Sans interrompre bien longtemps le travail des Francs-Juges, je l'avais mise en
musique. Cette œuvre, où l'on sentait à chaque page l'énergique influence du style
de Spontini, fut l'occasion de mon premier choc contre un dur égoïsme dont je ne
soupçonnais pas l'existence, celui de la plupart des maîtres célèbres, et me fit
sentir combien les jeunes compositeurs, même les plus obscurs, sont en général
mal venus auprès d'eux.
Rodolphe Kreutzer était directeur général de la musique à l'Opéra; les concerts
spirituels de la semaine sainte devaient bientôt avoir lieu dans ce théâtre; il
dépendait de lui d'y faire exécuter ma scène; j'allai le lui demander. Ma visite
toutefois était préparée par une lettre que M. de Larochefoucauld, surintendant
des beaux-arts, lui avait écrite à mon sujet, d'après la recommandation
pressante d'un de ses secrétaires, ami de Ferrand. De plus, Lesueur m'avait
chaudement appuyé verbalement auprès de son confrère. On pouvait raisonnablement
espérer. Mon illusion fut courte. Kreutzer, ce grand artiste, auteur de la Mort
d'Abel (belle œuvre sur laquelle, plein d'enthousiasme, je lui avais adressé
quelques mois auparavant un véritable dithyrambe), Kreutzer que je supposais bon
et accueillant comme mon maître, parce que je l'admirais, me reçut de la façon
la plus dédaigneuse et la plus impolie.
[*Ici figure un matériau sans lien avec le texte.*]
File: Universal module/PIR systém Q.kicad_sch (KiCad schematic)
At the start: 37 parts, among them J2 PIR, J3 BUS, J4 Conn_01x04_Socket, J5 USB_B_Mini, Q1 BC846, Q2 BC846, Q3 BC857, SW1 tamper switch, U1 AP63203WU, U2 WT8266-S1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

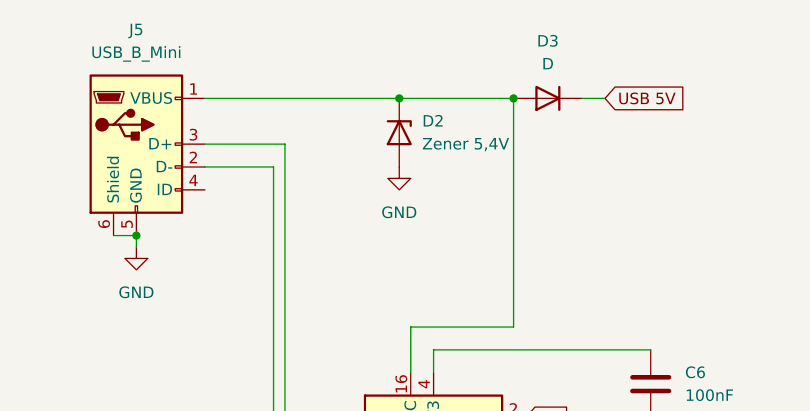
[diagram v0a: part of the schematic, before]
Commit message: better diode
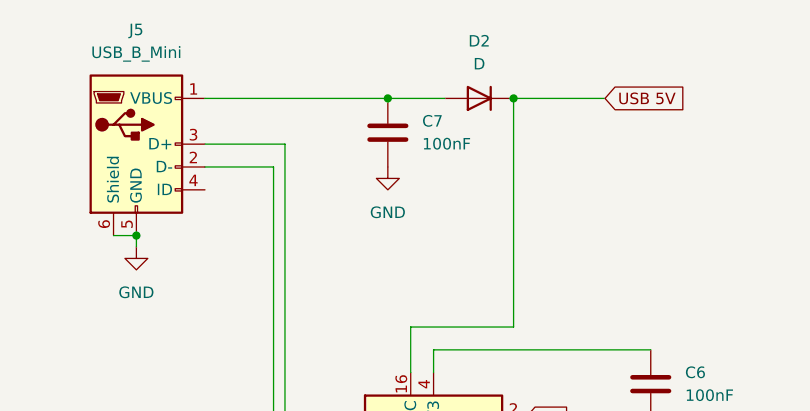
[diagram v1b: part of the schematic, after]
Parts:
- removed D2: Zener 5,4V, symbol Device:D_Zener
- removed D3: D, symbol Device:D
- added C7: 100nF, symbol Device:C
- added D2: D, symbol Device:D
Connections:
- net +12V: now also U3.16 (VCC), D2.1 (K)
- net GND: now also C7.2
- net at J5.1 (VBUS): now also C7.1, D2.2 (A); no longer U3.16 (VCC)

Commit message: add features
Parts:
- removed J2: PIR, Connector_PinSocket_2.54mm:PinSocket_1x03_P2.54mm_Vertical, symbol Connector:Conn_01x03_Pin
- removed J3: BUS, TerminalBlock:TerminalBlock_Altech_AK300-4_P5.00mm, symbol Connector:Screw_Terminal_01x04
- added J1: Screw_Terminal_01x06, symbol Connector:Screw_Terminal_01x06
- added Q4, Q5: BC817, Package_TO_SOT_SMD:SOT-23, symbol Transistor_BJT:BC817
- added R8, R9: R, symbol Device:R
- added U4: P82B96, symbol Interface_Expansion:P82B96
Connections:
- net +12V: now also U4.8 (VCC)
- net +3.3V: now also J1.5 (Pin_5)
- net GND: now also J1.2 (Pin_2), U4.4 (GND)
- net GPIO0: now also Q5.2 (E)
- net I2C data: now also U4.1 (SDA)
- net PIR signal: no longer TP1.1
- net clock: now also U4.7 (SCL)
- net at D4.2 (A): now also J1.1 (Pin_1)
- net at U3.14 (~{RTS}): now also Q4.2 (E), R9.1
- net "reset" renamed ESP_EN
- net ESP_EN: now also Q4.3 (C); no longer U3.13 (~{DTR})
- new net: Q5.3 (C), R8.1, U3.13 (~{DTR})
- new net: Q4.1 (B), R8.2
- new net: Q5.1 (B), R9.2
- new net PIR Signal: J1.6 (Pin_6), TP1.1
- new net SCL: J1.4 (Pin_4), U4.5 (TXD-SCL), U4.6 (RXD-SCL)
- new net SDA: J1.3 (Pin_3), U4.2 (RXD-SDA), U4.3 (TXD-SDA)
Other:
- moved on the sheet: C5, D1, D4, R4, R5, TP5, U2

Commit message: better design
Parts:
- added R10, R11: 10k, symbol Device:R
- R8, R9: value R -> 10k
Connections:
- net +12V: no longer U3.16 (VCC)
- net +3.3V: now also C6.1, U3.16 (VCC), U3.4 (V3), R10.1, R11.1; no longer R7.1
- net GND: now also R7.2
- net GPIO0: now also R7.1; no longer R7.2
- net I2C data: now also R10.2
- net clock: now also R11.2
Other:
- moved on the sheet: C7, D2, J5, Q4, Q5, R8, R9, U3, U4

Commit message: begun the drawing of the PCB, fixed libraries
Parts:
- removed R7: 10k, Resistor_SMD:R_0603_1608Metric, symbol Device:R
- added R12: 10k, Resistor_SMD:R_0603_1608Metric, symbol Device:R
- BZ1: footprint LPT2270AS buzzer:LPT2270AS -> piezo:LPT2270AS
- C6, C7: footprint (none) -> Capacitor_SMD:C_0603_1608Metric
- D2, D4: footprint (none) -> Diode_SMD:D_0603_1608Metric
- J1: footprint (none) -> TerminalBlock_Phoenix:TerminalBlock_Phoenix_MKDS-1,5-6_1x06_P5.00mm_Horizontal
- J5: footprint (none) -> Connector_USB:USB_Mini-B_Tensility_54-00023_Vertical
- R10, R11, R8, R9: footprint (none) -> Resistor_SMD:R_0603_1608Metric
- U4: footprint (none) -> P82B96D:SOIC127P599X175-8N
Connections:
- net +3.3V: now also R12.1
- net GPIO0: now also Q5.3 (C), R12.2; no longer Q5.2 (E)
- net at R8.1, U3.13 (~{DTR}): now also Q5.2 (E); no longer Q5.3 (C)
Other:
- moved on the sheet: Q4, Q5, R8, R9

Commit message: basic PCB design
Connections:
- net PIR signal is gone; now on net PIR Signal: U2.2 (GPIO4)

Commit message: finish PCB design, bonus gerber files
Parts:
- removed TP1: 3,3V, TestPoint:TestPoint_Pad_1.5x1.5mm, symbol Connector:TestPoint
- added keyboard_exp1: Conn_01x04_Socket, Connector_PinSocket_2.54mm:PinSocket_1x04_P2.54mm_Vertical, symbol Connector:Conn_01x04_Socket
- BZ1: value Buzzer -> Siren
- J4: footprint Connector_PinSocket_2.54mm:PinSocket_1x04_P2.54mm_Horizontal -> Connector_PinSocket_2.54mm:PinSocket_1x04_P2.54mm_Vertical
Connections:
- net GPIO0: now also keyboard_exp1.2 (Pin_2)
- net PIR Signal: now also keyboard_exp1.1 (Pin_1)
- net RX: now also keyboard_exp1.4 (Pin_4)
- net TX: now also keyboard_exp1.3 (Pin_3)
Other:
- company: Radim Kolář, Tomáš Bezányi -> Radim Kolář
- title: Q PIR -> EZS Q - Universal module
- moved on the sheet: TP3
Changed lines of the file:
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@@
 	(paper "A3")
 	(title_block
-		(title "Q PIR")
+		(title "EZS Q - Universal module")
 		(rev "5")
-		(company "Radim Kolář, Tomáš Bezányi")
+		(company "Radim Kolář")
 	)
 	(junction
@@
 	)
 	(junction
-		(at 63.5 222.25)
-		(diameter 0)
-		(color 0 0 0 0)
-	)
-	(junction
 		(at 247.65 236.22)
 		(diameter 0)
@@
 	(wire
 		(pts
+			(xy 195.58 201.93) (xy 195.58 198.12)
+		)
+		(stroke
+			(width 0)
+			(type default)
+		)
+	)
+	(wire
+		(pts
 			(xy 49.53 50.8) (xy 52.07 50.8)
 		)
@@
 	(wire
 		(pts
-			(xy 63.5 222.25) (xy 63.5 217.17)
+			(xy 63.5 217.17) (xy 63.5 224.79)
 		)
 		(stroke
@@
 	(wire
 		(pts
-			(xy 63.5 224.79) (xy 63.5 222.25)
-		)
-		(stroke
-			(width 0)
-			(type default)
-		)
-	)
-	(wire
-		(pts
 			(xy 114.3 151.13) (xy 114.3 153.67)
 		)
@@
 		)
 	)
+	(global_label "RX"
+		(shape input)
+		(at 312.42 82.55 180)
+		(fields_autoplaced yes)
+		(effects
+			(font
+				(size 1.27 1.27)
+			)
+			(justify right)
+		)
+		(property "Intersheetrefs" "${INTERSHEET_REFS}"
+			(at 306.9553 82.55 0)
+			(effects
+				(font
+					(size 1.27 1.27)
+				)
+				(justify right)
+				(hide yes)
+			)
+		)
+	)
 	(global_label "TX"
 		(shape input)
@@
 		)
 	)
+	(global_label "GPIO0"
+		(shape input)
+		(at 312.42 77.47 180)
+		(fields_autoplaced yes)
+		(effects
+			(font
+				(size 1.27 1.27)
+			)
+			(justify right)
+		)
+		(property "Intersheetrefs" "${INTERSHEET_REFS}"
+			(at 303.75 77.47 0)
+			(effects
+				(font
+					(size 1.27 1.27)
+				)
+				(justify right)
+				(hide yes)
+			)
+		)
+	)
 	(global_label "battery voltage"
 		(shape input)
@@
 		)
 	)
+	(global_label "PIR Signal"
+		(shape input)
+		(at 312.42 74.93 180)
+		(fields_autoplaced yes)
+		(effects
+			(font
+				(size 1.27 1.27)
+			)
+			(justify right)
+		)
+		(property "Intersheetrefs" "${INTERSHEET_REFS}"
+			(at 299.3959 74.93 0)
+			(effects
+				(font
+					(size 1.27 1.27)
+				)
+				(justify right)
+				(hide yes)
+			)
+		)
+	)
 	(global_label "battery voltage"
 		(shape input)
@@
 		)
 	)
+	(global_label "TX"
+		(shape input)
+		(at 312.42 80.01 180)
+		(fields_autoplaced yes)
+		(effects
+			(font
+				(size 1.27 1.27)
+			)
+			(justify right)
+		)
+		(property "Intersheetrefs" "${INTERSHEET_REFS}"
+			(at 307.2577 80.01 0)
+			(effects
+				(font
+					(size 1.27 1.27)
+				)
+				(justify right)
+				(hide yes)
+			)
+		)
+	)
 	(global_label "GPIO0"
 		(shape input)
@@
 	)
 	(symbol
+		(lib_id "Connector:Conn_01x04_Socket")
+		(at 317.5 77.47 0)
+		(unit 1)
+		(exclude_from_sim no)
+		(in_bom yes)
+		(on_board yes)
+		(dnp no)
+		(fields_autoplaced yes)
+		(property "Reference" "keyboard_exp1"
+			(at 318.77 77.4699 0)
+			(effects
+				(font
+					(size 1.27 1.27)
+				)
+				(justify left)
+			)
+		)
+		(property "Value" "Conn_01x04_Socket"
+			(at 318.77 80.0099 0)
+			(effects
+				(font
+					(size 1.27 1.27)
+				)
+				(justify left)
+			)
+		)
+		(property "Footprint" "Connector_PinSocket_2.54mm:PinSocket_1x04_P2.54mm_Vertical"
+			(at 317.5 77.47 0)
+			(effects
+				(font
+					(size 1.27 1.27)
+				)
+				(hide yes)
+			)
+		)
+		(property "Datasheet" "~"
+			(at 317.5 77.47 0)
+			(effects
+				(font
+					(size 1.27 1.27)
+				)
+				(hide yes)
+			)
+		)
+		(property "Description" ""
+			(at 317.5 77.47 0)
+			(effects
+				(font
+					(size 1.27 1.27)
+				)
+				(hide yes)
+			)
+		)
+		(pin "1"
+		)
+		(pin "2"
+		)
+		(pin "3"
+		)
+		(pin "4"
+		)
+		(instances
+			(project "PIR systém Q"
+				(path "/bd84660b-13bb-4554-9f23-8e30376967c6"
+					(reference "keyboard_exp1")
+					(unit 1)
+				)
+			)
+		)
+	)
+	(symbol
 		(lib_name "+3.3V_1")
 		(lib_id "power:+3.3V")
@@
 			)
 		)
-		(property "Footprint" "Connector_PinSocket_2.54mm:PinSocket_1x04_P2.54mm_Horizontal"
+		(property "Footprint" "Connector_PinSocket_2.54mm:PinSocket_1x04_P2.54mm_Vertical"
 			(at 321.31 153.67 0)
 			(effects
@@
 		(fields_autoplaced yes)
 		(property "Reference" "BZ1"
-			(at 280.67 241.3 0)
+			(at 280.67 241.2999 0)
 			(effects
 				(font
@@
 			)
 		)
-		(property "Value" "Buzzer"
-			(at 280.67 243.84 0)
+		(property "Value" "Siren"
+			(at 280.67 243.8399 0)
 			(effects
 				(font
@@
 	(symbol
 		(lib_id "Connector:TestPoint")
-		(at 63.5 222.25 270)
-		(unit 1)
-		(exclude_from_sim no)
-		(in_bom yes)
-		(on_board yes)
-		(dnp no)
-		(fields_autoplaced yes)
-		(property "Reference" "TP1"
-			(at 68.58 220.9799 90)
-			(effects
-				(font
-					(size 1.27 1.27)
-				)
-				(justify left)
-			)
-		)
-		(property "Value" "3,3V"
-			(at 68.58 223.5199 90)
-			(effects
-				(font
-					(size 1.27 1.27)
-				)
-				(justify left)
-			)
-		)
-		(property "Footprint" "TestPoint:TestPoint_Pad_1.5x1.5mm"
-			(at 63.5 227.33 0)
-			(effects
-				(font
-					(size 1.27 1.27)
-				)
-				(hide yes)
-			)
-		)
-		(property "Datasheet" "~"
-			(at 63.5 227.33 0)
-			(effects
-				(font
-					(size 1.27 1.27)
-				)
-				(hide yes)
-			)
-		)
-		(property "Description" ""
-			(at 63.5 222.25 0)
-			(effects
-				(font
-					(size 1.27 1.27)
-				)
-				(hide yes)
-			)
-		)
-		(pin "1"
-		)
-		(instances
-			(project "PIR systém Q"
-				(path "/bd84660b-13bb-4554-9f23-8e30376967c6"
-					(reference "TP1")
-					(unit 1)
-				)
-			)
-		)
-	)
-	(symbol
-		(lib_id "Connector:TestPoint")
-		(at 195.58 198.12 180)
+		(at 195.58 201.93 180)
 		(unit 1)
 		(exclude_from_sim no)
@@
 		(dnp no)
 		(property "Reference" "TP3"
-			(at 187.96 198.12 0)
+			(at 187.96 201.93 0)
 			(effects
 				(font
@@
 		)
 		(property "Value" "12V"
-			(at 187.96 200.66 0)
+			(at 187.96 204.47 0)
 			(effects
 				(font
@@
 		)
 		(property "Footprint" "TestPoint:TestPoint_Pad_1.5x1.5mm"
-			(at 190.5 198.12 0)
+			(at 190.5 201.93 0)
 			(effects
 				(font
@@
 		)
 		(property "Datasheet" "~"
-			(at 190.5 198.12 0)
+			(at 190.5 201.93 0)
 			(effects
 				(font
@@
 		)
 		(property "Description" ""
-			(at 195.58 198.12 0)
+			(at 195.58 201.93 0)
 			(effects
 				(font

Il me rendit à peine mon salut, et, sans
me regarder, me jeta ces mots pardessus son épaule : « Mon bon ami (il ne me
connaissait pas! ), nous ne pouvons exécuter aux concerts spirituels de
nouvelles compositions. Nous n'avons pas le temps de les étudier; Lesueur le
sait bien. » Je me retirai le cœur gonflé. Le dimanche suivant, une explication
eut lieu entre Lesueur et Kreutzer à la chapelle royale, où ce dernier était
simple violoniste. Poussé à bout par mon maître, il finit par lui répondre sans
déguiser sa mauvaise humeur: «Eh! pardieu! que deviendrions nous si nous aidions
ainsi les jeunes gens?... » Il eut au moins de la franchise.